[Stored data entries]
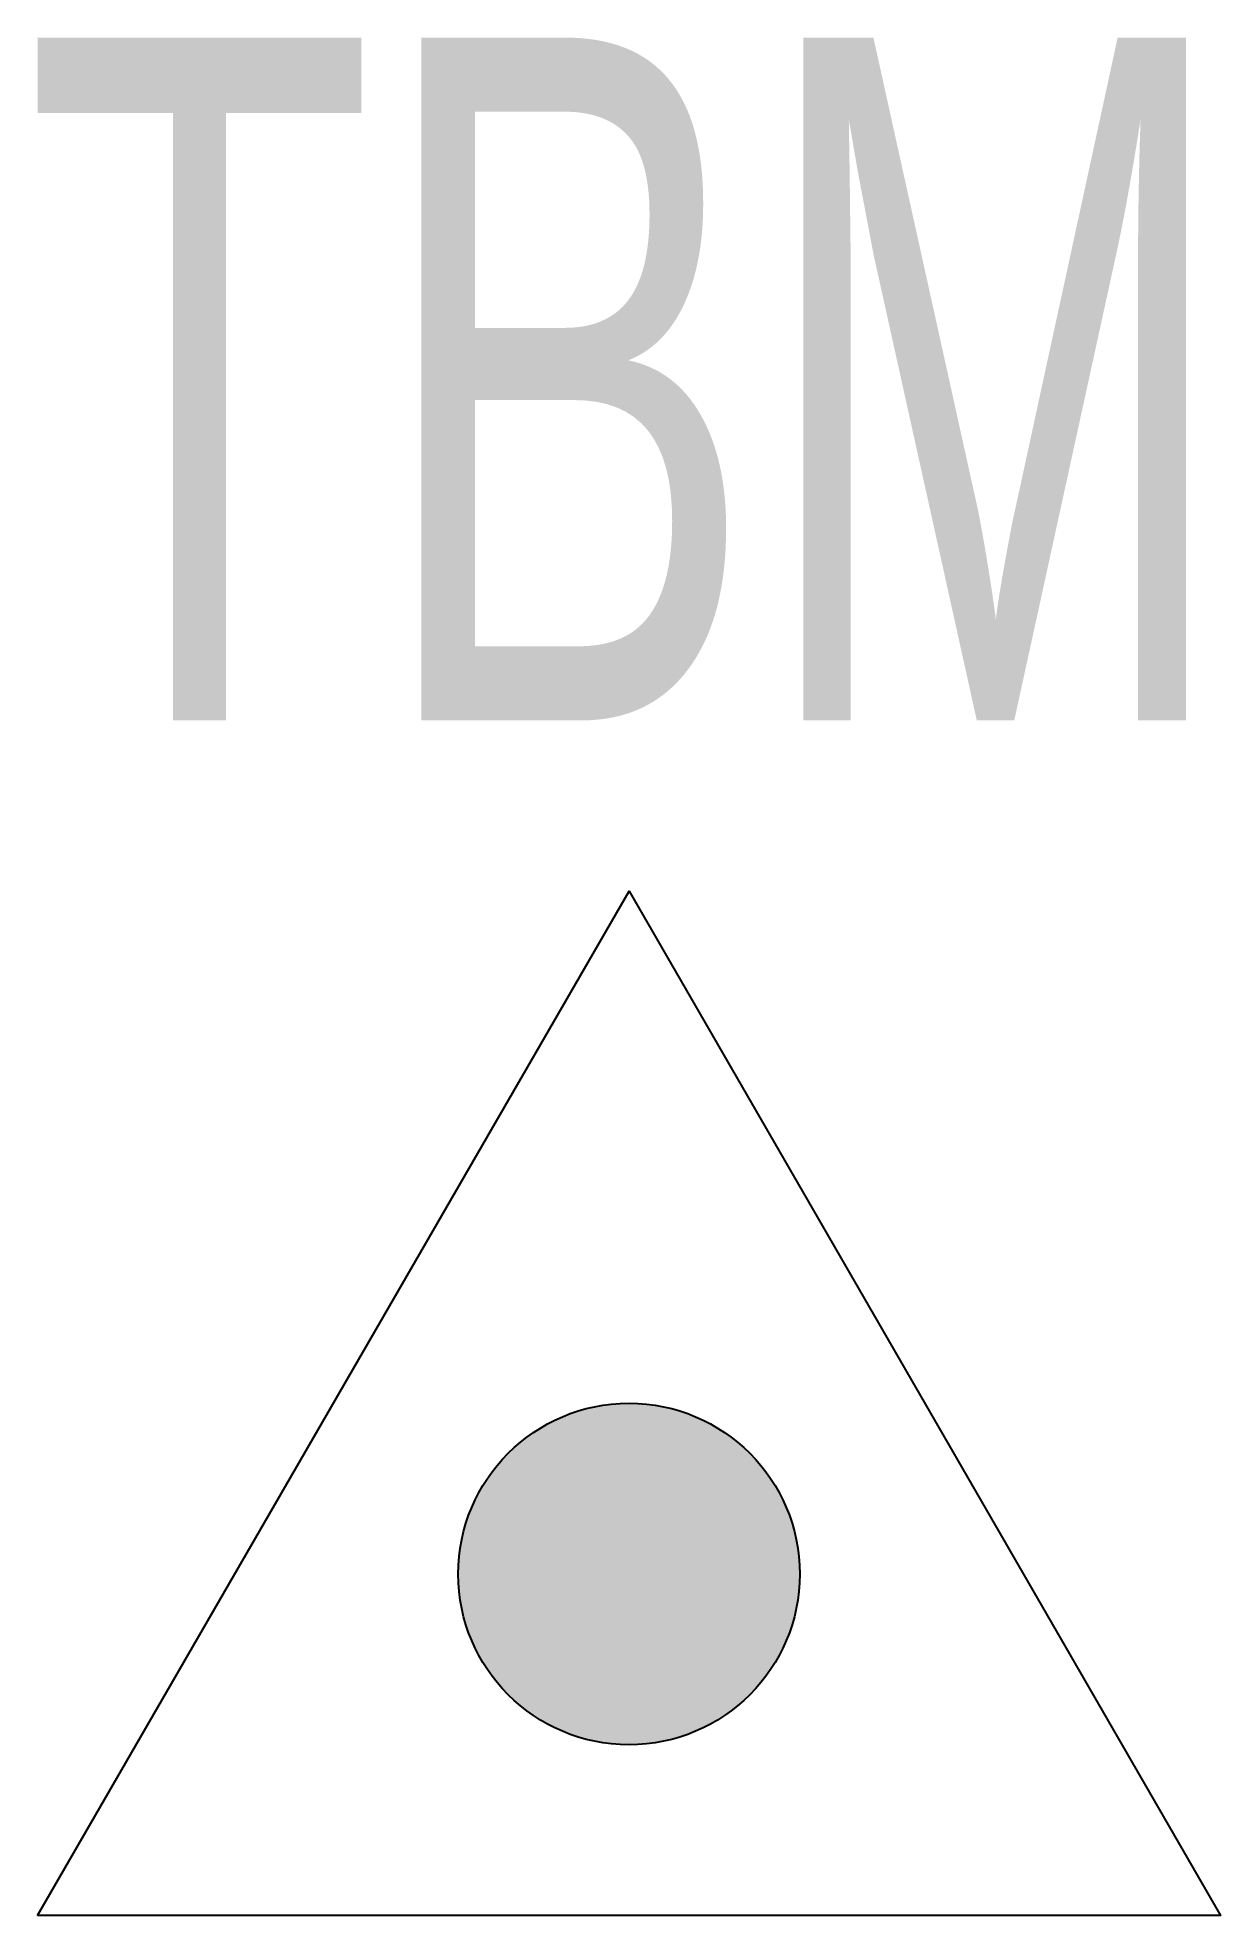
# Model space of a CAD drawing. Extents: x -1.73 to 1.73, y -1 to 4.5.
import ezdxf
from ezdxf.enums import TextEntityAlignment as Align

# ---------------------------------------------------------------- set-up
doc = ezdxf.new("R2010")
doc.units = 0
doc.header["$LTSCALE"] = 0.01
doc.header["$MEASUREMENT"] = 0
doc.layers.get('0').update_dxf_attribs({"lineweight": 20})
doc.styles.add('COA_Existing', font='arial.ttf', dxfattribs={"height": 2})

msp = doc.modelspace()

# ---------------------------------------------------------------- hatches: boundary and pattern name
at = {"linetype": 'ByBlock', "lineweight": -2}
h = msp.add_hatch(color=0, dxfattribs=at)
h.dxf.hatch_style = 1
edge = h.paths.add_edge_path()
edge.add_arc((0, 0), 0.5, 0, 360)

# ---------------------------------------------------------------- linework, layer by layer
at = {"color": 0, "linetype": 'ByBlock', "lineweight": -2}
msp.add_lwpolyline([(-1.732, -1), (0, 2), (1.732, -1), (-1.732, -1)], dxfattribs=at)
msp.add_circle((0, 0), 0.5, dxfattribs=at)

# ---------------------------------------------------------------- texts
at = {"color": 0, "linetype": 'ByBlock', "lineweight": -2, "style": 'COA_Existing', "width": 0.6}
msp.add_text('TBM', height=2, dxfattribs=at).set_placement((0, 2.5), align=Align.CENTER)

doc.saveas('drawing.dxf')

Work instructions ::
Your output should be an exact copy of the lines from the one containing "doc.units = 0" through the last line of the data above.

Response area ::
doc.units = 0
doc.header["$LTSCALE"] = 0.01
doc.header["$MEASUREMENT"] = 0
doc.layers.get('0').update_dxf_attribs({"lineweight": 20})
doc.styles.add('COA_Existing', font='arial.ttf', dxfattribs={"height": 2})

msp = doc.modelspace()

# ---------------------------------------------------------------- hatches: boundary and pattern name
at = {"linetype": 'ByBlock', "lineweight": -2}
h = msp.add_hatch(color=0, dxfattribs=at)
h.dxf.hatch_style = 1
edge = h.paths.add_edge_path()
edge.add_arc((0, 0), 0.5, 0, 360)

# ---------------------------------------------------------------- linework, layer by layer
at = {"color": 0, "linetype": 'ByBlock', "lineweight": -2}
msp.add_lwpolyline([(-1.732, -1), (0, 2), (1.732, -1), (-1.732, -1)], dxfattribs=at)
msp.add_circle((0, 0), 0.5, dxfattribs=at)

# ---------------------------------------------------------------- texts
at = {"color": 0, "linetype": 'ByBlock', "lineweight": -2, "style": 'COA_Existing', "width": 0.6}
msp.add_text('TBM', height=2, dxfattribs=at).set_placement((0, 2.5), align=Align.CENTER)

doc.saveas('drawing.dxf')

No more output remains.